Welcome to Part 2 of this epic Big Data and Natural Language Processing perspective series. Here is the intro and part one if you missed any of them.

NLP of Big Data using NLTK and Hadoop9

Domain knowledge is incredibly important, particularly in the context of stochastic methodologies, and particularly in NLP. Not all language, text, or domains have the same requirements, and there is no way to make a universal model for it. Consider how the language of doctors and lawyers may be outside our experience in the language of computer science or data science. Even more generally, regions tends to have specialized dialects or phrases even within the same language. As an anthropological rule, groups tend to specialize particular language features to communicate more effectively, and attempting to capture all of these specializations leads to ambiguity.

This leads to an interesting hypothesis: the foo of big data is to combine specialized domain knowledge with an interesting data set.

NLP of Big Data using NLTK and Hadoop11

Further, given that domain knowledge and an interesting data set or sets:

  1. Form hypothesis (a possible data product)
  2. Mix in NLP techniques and machine learning tools
  3. Perform computation and test hypothesis
  4. Add to data set and domain knowledge
  5. Iterate

If this sounds like the scientific method, you’re right! This is why it’s cool to hire PhDs again; in the context of Big Data, science is needed to create products. We’re not building bridges, we’re testing hypotheses, and this is the future of business.

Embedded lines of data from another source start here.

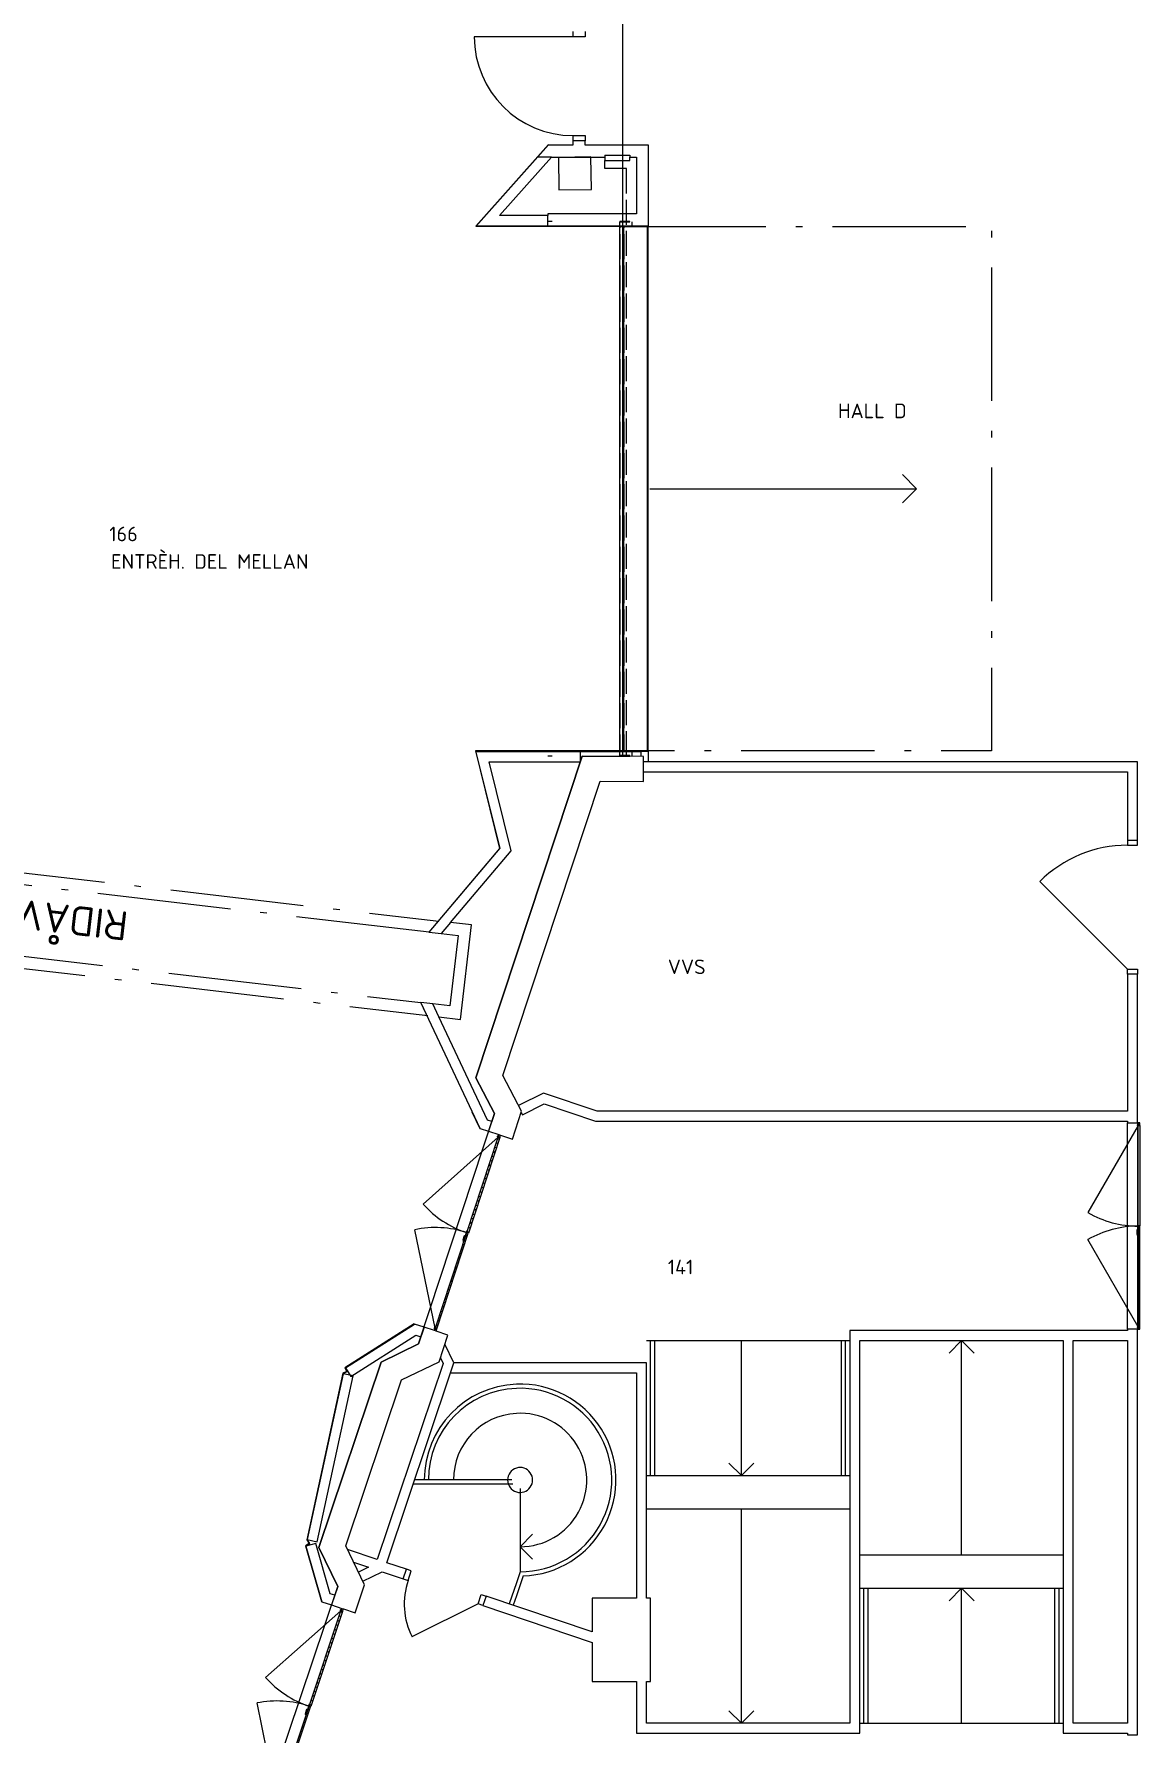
# Model space of a CAD drawing. Header units: millimetres. Extents: x -106764 to 80178, y -104573 to 57950.
# Drawn here: x 64081 to 77350, y -17675 to 2712 of the extents above; entities that cross this region are included whole.
import ezdxf

# ---------------------------------------------------------------- set-up
doc = ezdxf.new("R2010")
doc.units = ezdxf.units.MM
doc.header["$LTSCALE"] = 100
doc.linetypes.add('2 Streckad', pattern=[3.75, 3, -0.75])
doc.linetypes.add('IMPORT-A_PSTRECK_4', pattern=[24, 16, -3.6, 0.8, -3.6])
for name, color, linetype, lineweight in [('A-------EKN', 1, '2 Streckad', 13), ('A-------EMN', 10, 'Continuous', 35), ('A-------T--', 1, 'Continuous', 13), ('A----004E-N', 4, 'Continuous', 13), ('A-27C---E-N', 7, 'Continuous', 18), ('A-27C---EJN', 1, 'Continuous', 9), ('A-27D---E-N', 7, 'Continuous', 9), ('A-42D--CE-E', 1, 'Continuous', 13), ('A-42D--CE-N', 1, 'Continuous', 9), ('A-42E---E-N', 7, 'Continuous', 9), ('A-43----EM-', 130, 'IMPORT-A_PSTRECK_4', 9), ('A-43CB--E-N', 3, 'Continuous', 18), ('A-43CB--EJN', 1, 'Continuous', 9), ('A-44B---E-N', 1, 'Continuous', 9), ('A-45CA--E-N', 1, 'Continuous', 9), ('A-A-NTA-T2N', 1, 'Continuous', 13)]:
    doc.layers.add(name, color=color, linetype=linetype, lineweight=lineweight)
doc.styles.add('ISOCPEUR_1', font='isocpeur.ttf', dxfattribs={"height": 500.025001})
doc.styles.add('ISOCPEUR_2', font='isocpeur.ttf', dxfattribs={"height": 500})
pattern_1 = [(63.546, (-208747.605, -257133.313), (-44.764615, 22.2739585), [])]
pattern_2 = [(63.23, (-216149.833, -255957.206), (-44.641089, 22.520506), [])]

# ---------------------------------------------------------------- blocks, each defined once
blk = doc.blocks.new('A-40_P0010_Ej modellerat_dwg_Doors_Double_Painted-Steel_Swing - BPD24A-3504639-A-40-P-010-10184490-A-40_P0010')
at = {"layer": 'A-42D--CE-N'}
h = blk.add_hatch(dxfattribs=at)
h.set_pattern_fill('FP_1', color=256, style=0, pattern_type=2)
h.set_pattern_definition(pattern_1)
h.paths.add_polyline_path([(-1237, -1), (-1206, -1), (-1206, 14), (-1213, 14), (-1213, 20), (-1237, 20)], flags=0)
h.paths.add_polyline_path([(1206, -1), (1237, -1), (1237, 20), (1213, 20), (1213, 14), (1206, 14)], flags=0)
h = blk.add_hatch(dxfattribs=at)
h.set_pattern_fill('FP_1', color=256, style=0, pattern_type=2)
h.set_pattern_definition(pattern_1)
h.paths.add_polyline_path([(-1206, -1), (-2, -1), (-2, 20), (-1206, 20), (-1206, 14)], flags=0)
h = blk.add_hatch(dxfattribs=at)
h.set_pattern_fill('FP_1', color=256, style=0, pattern_type=2)
h.set_pattern_definition(pattern_1)
h.paths.add_polyline_path([(-30, 20), (22, 20), (22, 26), (-30, 26)], flags=0)
h = blk.add_hatch(dxfattribs=at)
h.set_pattern_fill('FP_1', color=256, style=0, pattern_type=2)
h.set_pattern_definition(pattern_1)
h.paths.add_polyline_path([(2, -1), (1206, -1), (1206, 20), (2, 20)], flags=0)
at = {"layer": 'A-42D--CE-N', "flags": 128}
for points in [[(-1206, 20), (-1206, -1), (-2, -1), (-2, 20), (-1206, 20), (-162, 623)], [(1206, 20), (1206, -1), (2, -1), (2, 20), (1206, 20), (162, 623)], [(-1237, -1), (-1206, -1), (-1206, 14), (-1213, 14), (-1213, 20), (-1237, 20)], [(-111, 20), (-111, 28), (-36, 28), (-36, 20)], [(-46, 28), (-46, 35), (-102, 35), (-102, 28)], [(1237, 20), (1213, 20), (1213, 14), (1206, 14), (1206, -1), (1237, -1)]]:
    blk.add_lwpolyline(points, dxfattribs=at)
blk.add_lwpolyline([(-30, 26), (-30, 20), (22, 20), (22, 26)], close=True, dxfattribs=at)
at = {"layer": 'A-42D--CE-N'}
for centre, radius, start, end in [((-1206, 20), 1206, 360, 30), ((1206, 20), 1206, 150, 180), ((-1212, 26), 6, 360, 180), ((-1212, 26), 6, 169.9448, 180), ((-1212, 26), 6, 180, 360), ((-1212, 26), 6, 180, 195), ((-1212, 26), 6, 120, 150), ((-1212, 26), 6, 210, 240), ((-1212, 26), 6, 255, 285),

But this alone is not why Big Data is a buzzword. The magic of big data is that we can iterate through the foo extremely rapidly and  multiple hypotheses can be tested via distributed computing techniques in weeks instead of years or ever shorter time periods. There is currently a surplus of data and domain knowledge, so everyone is interested in getting their own piece of data real estate, that is, getting their domain knowledge and their data set. The demand is rising to meet the surplus, and as a result we’re making a lot of money. Money means buzzwords. This is the magic of Big Data!